Elle voulut lui remettre sa bourse. Fauvette l’écarta vivement.

— Non, non cela me gâterait le bonheur que tu m’as donné. Je m’arrangerai, ne t’inquiète pas. J’ai maintenant de la joie et de l’espérance. Tout ira bien.

Elles descendirent ensemble et se quittèrent au seuil de la maison. De l’autre côté de la rue, s’arrêtait le corbillard des pauvres, et seule en effet, un moment après, Fauvette suivait le triste convoi. Quand Marianne rentra à l’hôtel, le plus profond silence régnait encore dans la chambre de M. et Mme Brou et dans celle d’Emmeline. Marianne glissa devant leurs seuils et rentra sans bruit dans sa chambre. Elle n’aurait pas de scène à subir, son escapade restait ignorée.

I
Pierre à Marianne.
Mademoiselle,

Vous voulez connaître mon sentiment et ma foi ? Vous en avez besoin, me dites-vous. Puissent-ils en effet vous aider ! Ils sont à vous, comme le serait ma force entière, si jamais elle pouvait vous être utile. De théorie, je n’en ai d’autre que celle que me donnent à la fois la nature et la justice. Je vais donc vous dire ce que je crois, ce que j’ai compris et pensé. Mais c’est vous qui me le demandez ? vous, qui savez si bien ce qu’on doit faire, et le faites avec tant de décision et de fermeté ? Toutefois je ne discute pas votre volonté. Et pourquoi le ferai-je quand elle me rend si heureux ?

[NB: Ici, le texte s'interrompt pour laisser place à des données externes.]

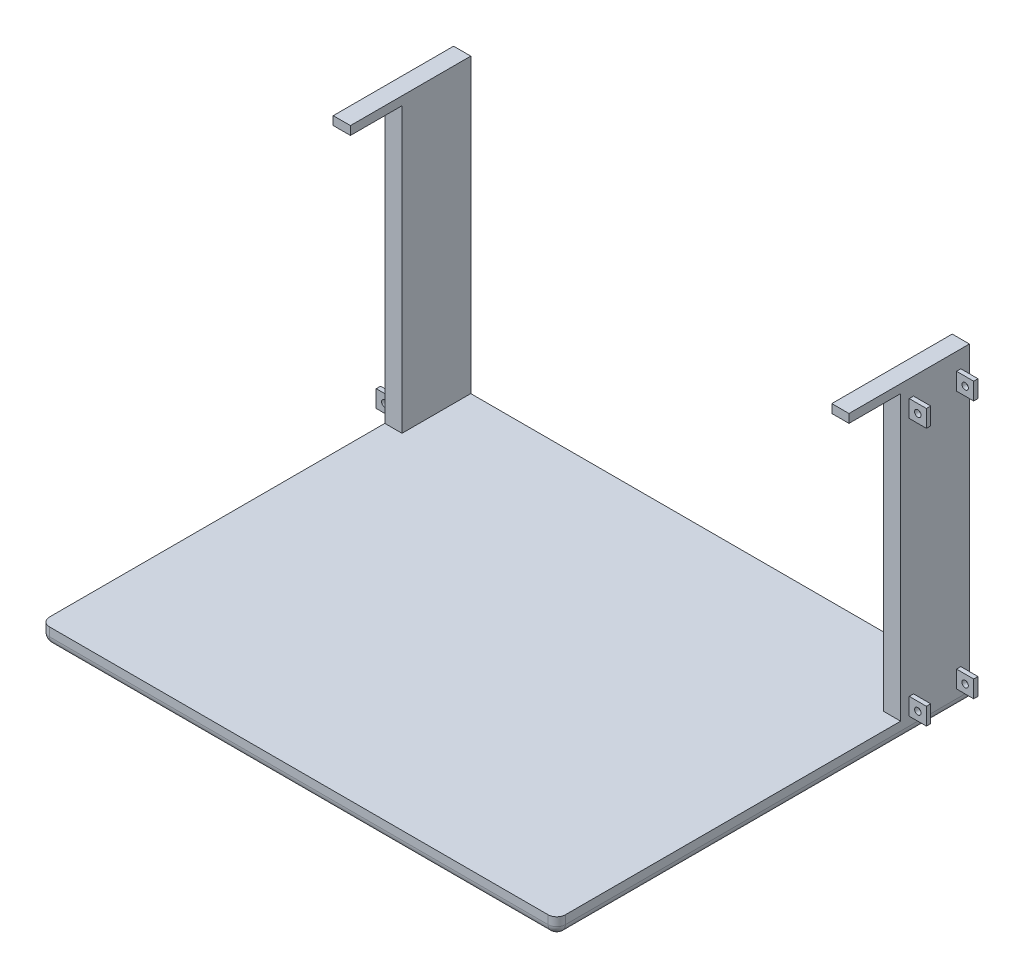
from build123d import *

# Parameters (mm, degrees)
SKETCH1_W                                      = 762
SKETCH1_H                                      = 381
BASE_STRUCTURE_DEPTH                           = 609.6
SKETCH3_W                                      = 711.2
SKETCH3_H                                      = 330.2
SHELL_CUT_DEPTH                                = 584.2
SKETCH5_W                                      = 25.4
SKETCH5_H                                      = 25.4
SKETCH5_R                                      = 4.7625
STABILITY_HOLDER_CUT_FOR_TOP_DEPTH             = 38.1
SKETCH7_W                                      = 63.5
SKETCH7_H                                      = 25.4
INSUDE_CUT_OF_STABILITY_HOLDERS_DEPTH          = 25.4
SKETCH14_W                                     = 711.2
SKETCH14_H                                     = 25.4
TOP_SHELLING_DEPTH                             = 406.4
SKETCH16_W                                     = 711.2
SKETCH16_H                                     = 50.8
BOTTOM_EXTENSION_DEPTH                         = 609.6
SKETCH16_6_W                                   = 711.2
SKETCH16_6_H                                   = 25.4
SKETCH16_6_H_2                                 = 50.8
BOTTOM_SHELLING_DEPTH                          = 584.2
SKETCH17_W                                     = 63.5
SKETCH17_H                                     = 25.4
BOTTOM_STABILTY_HOLDER_SHELL_CUT_DEPTH         = 25.4
SKETCH18_W                                     = 508
SKETCH18_H                                     = 406.4
F_3_4SHELL_FRONT_CHASSIS_CUT_DEPTH             = 763
FILLET_CORNER_OF_FRONT_CHASSIS_R               = 12.7
SKETCH95_W                                     = 508
SKETCH95_H                                     = 25.4
CUT_TOP_EXTRUSION_OF_CHASSIS_DEPTH             = 763
SKETCH171_W                                    = 76.290149759
SKETCH171_H                                    = 12.7
EXTRUSION_OF_STEERING_RACK_HOLDER_DEPTH        = 25.4
SKETCH172_W                                    = 76.2
SKETCH172_H                                    = 12.7
EXTRUSION_OF_OTHER_STEERING_RACK_HOLDER_DEPTH  = 25.4
MIRRORS_STABILITY_HOLDERS_COPY_1_SKETCH_W      = 25.4
MIRRORS_STABILITY_HOLDERS_COPY_1_SKETCH_H      = 25.4
MIRRORS_STABILITY_HOLDERS_COPY_1_SKETCH_R      = 4.7625
MIRRORS_STABILITY_HOLDERS_COPY_1_DEPTH         = 38.1
SKETCH173_W                                    = 63.5
SKETCH173_H                                    = 406.4
EXTRUSION_OF_OTHER_STABILITY_HOLDERS_TOP_DEPTH = 25.4
FILLET_OF_RIGHT_CORNER_OF_FRONT_CHASSIS_R      = 12.7
FILLET_OF_BOTTOM_SIDE_OF_FRONT_CHASSIS_R       = 12.7


with BuildPart() as part:
    # Sketch1 → Base Structure (new body)
    with BuildSketch(Plane.XY):
        with Locations((381, 190.5)):
            Rectangle(SKETCH1_W, SKETCH1_H)
    extrude(amount=-BASE_STRUCTURE_DEPTH)

    # Sketch3 → Shell Cut (cut)
    with BuildSketch(Plane(origin=(0, 0, -609.6), x_dir=(-1, 0, 0), z_dir=(0, 0, -1))):
        with Locations((-381, 190.5)):
            Rectangle(SKETCH3_W, SKETCH3_H)
    extrude(amount=-SHELL_CUT_DEPTH, mode=Mode.SUBTRACT)

    # Sketch5 → Stability Holder Cut for Top (add, symmetric)
    with BuildSketch(Plane.XY.offset(-558.8)):
        with Locations((774.7, 342.9)):
            Rectangle(SKETCH5_W, SKETCH5_H)
        with Locations((774.7, 342.9)):
            Circle(SKETCH5_R, mode=Mode.SUBTRACT)
    stability_holder_cut_for_top = extrude(amount=STABILITY_HOLDER_CUT_FOR_TOP_DEPTH, both=True)

    # Sketch7 → Insude Cut of Stability Holders (cut)
    with BuildSketch(Plane(origin=(787.4, 0, 0), x_dir=(0, 0, -1), z_dir=(1, 0, 0))):
        with Locations((558.8, 342.9)):
            Rectangle(SKETCH7_W, SKETCH7_H)
    extrude(amount=-INSUDE_CUT_OF_STABILITY_HOLDERS_DEPTH, mode=Mode.SUBTRACT)

    # Sketch14 → Top Shelling (cut)
    with BuildSketch(Plane(origin=(0, 0, -609.6), x_dir=(-1, 0, 0), z_dir=(0, 0, -1))):
        with Locations((-381, 368.3)):
            Rectangle(SKETCH14_W, SKETCH14_H)
    extrude(amount=-TOP_SHELLING_DEPTH, mode=Mode.SUBTRACT)

    # Sketch16 → Bottom Extension (add)
    with BuildSketch(Plane(origin=(0, 0, -609.6), x_dir=(-1, 0, 0), z_dir=(0, 0, -1))):
        Polygon((-736.6, -50.8), (-736.6, 0), (-762, 0), (-762, -76.2), (0, -76.2), (0, 0), (-25.4, 0), (-25.4, -50.8), align=None)
        with Locations((-381, -25.4)):
            Rectangle(SKETCH16_W, SKETCH16_H)
    extrude(amount=-BOTTOM_EXTENSION_DEPTH)

    # Sketch16_6 → Bottom Shelling (cut)
    with BuildSketch(Plane(origin=(0, 0, -609.6), x_dir=(-1, 0, 0), z_dir=(0, 0, -1))):
        with Locations((-381, 12.7)):
            Rectangle(SKETCH16_6_W, SKETCH16_6_H)
        with Locations((-381, -25.4)):
            Rectangle(SKETCH16_6_W, SKETCH16_6_H_2)
    extrude(amount=-BOTTOM_SHELLING_DEPTH, mode=Mode.SUBTRACT)

    # Mirror5: Stability Holder Cut for Top across plane
    add(stability_holder_cut_for_top.mirror(Plane.ZX.offset(152.4)))

    # Sketch17 → Bottom Stabilty Holder Shell Cut (cut)
    with BuildSketch(Plane(origin=(787.4, 0, 0), x_dir=(0, 0, -1), z_dir=(1, 0, 0))):
        with Locations((558.8, -38.1)):
            Rectangle(SKETCH17_W, SKETCH17_H)
    extrude(amount=-BOTTOM_STABILTY_HOLDER_SHELL_CUT_DEPTH, mode=Mode.SUBTRACT)

    # Sketch18 → 3_4Shell Front Chassis Cut (cut, through all)
    with BuildSketch(Plane(origin=(762, 0, 0), x_dir=(0, 0, -1), z_dir=(1, 0, 0))):
        with Locations((254, 152.4)):
            Rectangle(SKETCH18_W, SKETCH18_H)
    extrude(amount=-F_3_4SHELL_FRONT_CHASSIS_CUT_DEPTH, mode=Mode.SUBTRACT)

    # Fillet Corner of Front Chassis
    fillet_corner_of_front_chassis_edges = [part.edges().sort_by_distance(p)[0] for p in [
        (762, -63.5, 0),
    ]]
    fillet(fillet_corner_of_front_chassis_edges, radius=FILLET_CORNER_OF_FRONT_CHASSIS_R)

    # Sketch95 → Cut Top Extrusion of Chassis (cut, through all)
    with BuildSketch(Plane(origin=(762, 0, 0), x_dir=(0, 0, -1), z_dir=(1, 0, 0))):
        with Locations((254, 368.3)):
            Rectangle(SKETCH95_W, SKETCH95_H)
    extrude(amount=-CUT_TOP_EXTRUSION_OF_CHASSIS_DEPTH, mode=Mode.SUBTRACT)

    # Sketch171 → Extrusion of Steering Rack Holder (add)
    with BuildSketch(Plane(origin=(762, 0, 0), x_dir=(0, 0, -1), z_dir=(1, 0, 0))):
        with Locations((469.854925121, 374.65)):
            Rectangle(SKETCH171_W, SKETCH171_H)
    extrude(amount=-EXTRUSION_OF_STEERING_RACK_HOLDER_DEPTH)

    # Sketch172 → Extrusion of Other Steering Rack Holder (add)
    with BuildSketch(Plane.ZY):
        with Locations((-469.9, 374.65)):
            Rectangle(SKETCH172_W, SKETCH172_H)
    extrude(amount=-EXTRUSION_OF_OTHER_STEERING_RACK_HOLDER_DEPTH)

    # Mirrors Stability Holders: Stability Holder Cut for Top across plane
    add(stability_holder_cut_for_top.mirror(Plane(origin=(381, 0, 0), x_dir=(0, 0, 1), z_dir=(1, 0, 0))))

    # Mirrors Stability Holders copy 1 sketch → Mirrors Stability Holders copy 1 (add, symmetric)
    with BuildSketch(Plane(origin=(762, 304.8, -558.8), x_dir=(-1, 0, 0), z_dir=(0, 0, 1))):
        with Locations((774.7, 342.9)):
            Rectangle(MIRRORS_STABILITY_HOLDERS_COPY_1_SKETCH_W, MIRRORS_STABILITY_HOLDERS_COPY_1_SKETCH_H)
        with Locations((774.7, 342.9)):
            Circle(MIRRORS_STABILITY_HOLDERS_COPY_1_SKETCH_R, mode=Mode.SUBTRACT)
    extrude(amount=MIRRORS_STABILITY_HOLDERS_COPY_1_DEPTH, both=True)

    # Sketch173 → Extrusion of Other Stability Holders Top (cut)
    with BuildSketch(Plane.ZY.offset(25.4)):
        with Locations((-558.8, 152.4)):
            Rectangle(SKETCH173_W, SKETCH173_H)
    extrude(amount=-EXTRUSION_OF_OTHER_STABILITY_HOLDERS_TOP_DEPTH, mode=Mode.SUBTRACT)

    # Fillet of Right Corner of Front Chassis
    fillet_of_right_corner_of_front_chassis_edges = [part.edges().sort_by_distance(p)[0] for p in [
        (0, -63.5, 0),
    ]]
    fillet(fillet_of_right_corner_of_front_chassis_edges, radius=FILLET_OF_RIGHT_CORNER_OF_FRONT_CHASSIS_R)

    # Fillet of Bottom Side of Front Chassis
    fillet_of_bottom_side_of_front_chassis_edges = [part.edges().sort_by_distance(p)[0] for p in [
        (381, -76.2, 0),
        (762, -76.2, -311.15),
        (758.280256121, -76.2, -3.719743879),
        (0, -76.2, -311.15),
        (3.719743879, -76.2, -3.719743879),
    ]]
    fillet(fillet_of_bottom_side_of_front_chassis_edges, radius=FILLET_OF_BOTTOM_SIDE_OF_FRONT_CHASSIS_R)


solid = part.part

Avant tout, laissez-moi vous dire combien j’admire votre visite à Fauvette. Non, cette démarche n’est pour moi ni fausse ni extraordinaire ; elle est digne d’une âme telle que la vôtre. Je ne suis pas, vous le savez, de ceux qui disent : Fait-on cela ? mais de ceux qui se demandent : Cela se doit-il faire ? Oui, vous avez bien fait. Je connais cette jeune personne assez pour la croire bonne, sincère et fort au-dessus de la situation qu’elle subit. Cependant elle aurait pu y glisser vous la sauverez. Oui, mademoiselle Marianne, Fauvette et vous, si étrange au premier abord que cela paraisse, vous êtes solidaires. Et vous l’avez deviné ! Ah ! que vos inspirations, mademoiselle, sont grandes et profondes ! Il faut que vous me permettiez de vous le dire, j’en ai trop besoin.

Pour répondre à toutes les questions de votre lettre, sachez bien que je n’ai jamais pu vous en vouloir. Vous, à votre gré, vous pouvez me causer beaucoup de douleur ou beaucoup de joie ; mais je ne saurais vous en vouloir jamais, et cette estime, cette affection dont vous m’assurez me causent un orgueil, un bonheur immense.

La question des relations de l’homme et de la femme, autrement dit celle de la justice ou de la vérité dans l’amour, ou encore la question du droit de la femme, découle d’une question plus générale, posée depuis le commencement des siècles : l’émancipation même de l’humanité. Elle en découle ou plutôt elle y est enveloppée, car elle en est aussi génératrice à beaucoup d’égards. Suivant que ces relations ont été comprises, le progrès s’est fait plus ou moins. Où la loi séquestre la femme, le progrès est nul ; où les mœurs font de l’amour un acte purement charnel, le cerveau humain se pétrifie. Dans les pays, dans les temps au contraire où la femme agit, se mêle à toute chose, la vie court à grands flots dans les veines des peuples, le cerveau pense et le progrès marche. Mais, comme cette action est partout encore détournée, contrainte, obligée pour s’exercer de s’épuiser en détours, les mœurs sont hypocrites, la logique est faussée, la loi est arbitraire.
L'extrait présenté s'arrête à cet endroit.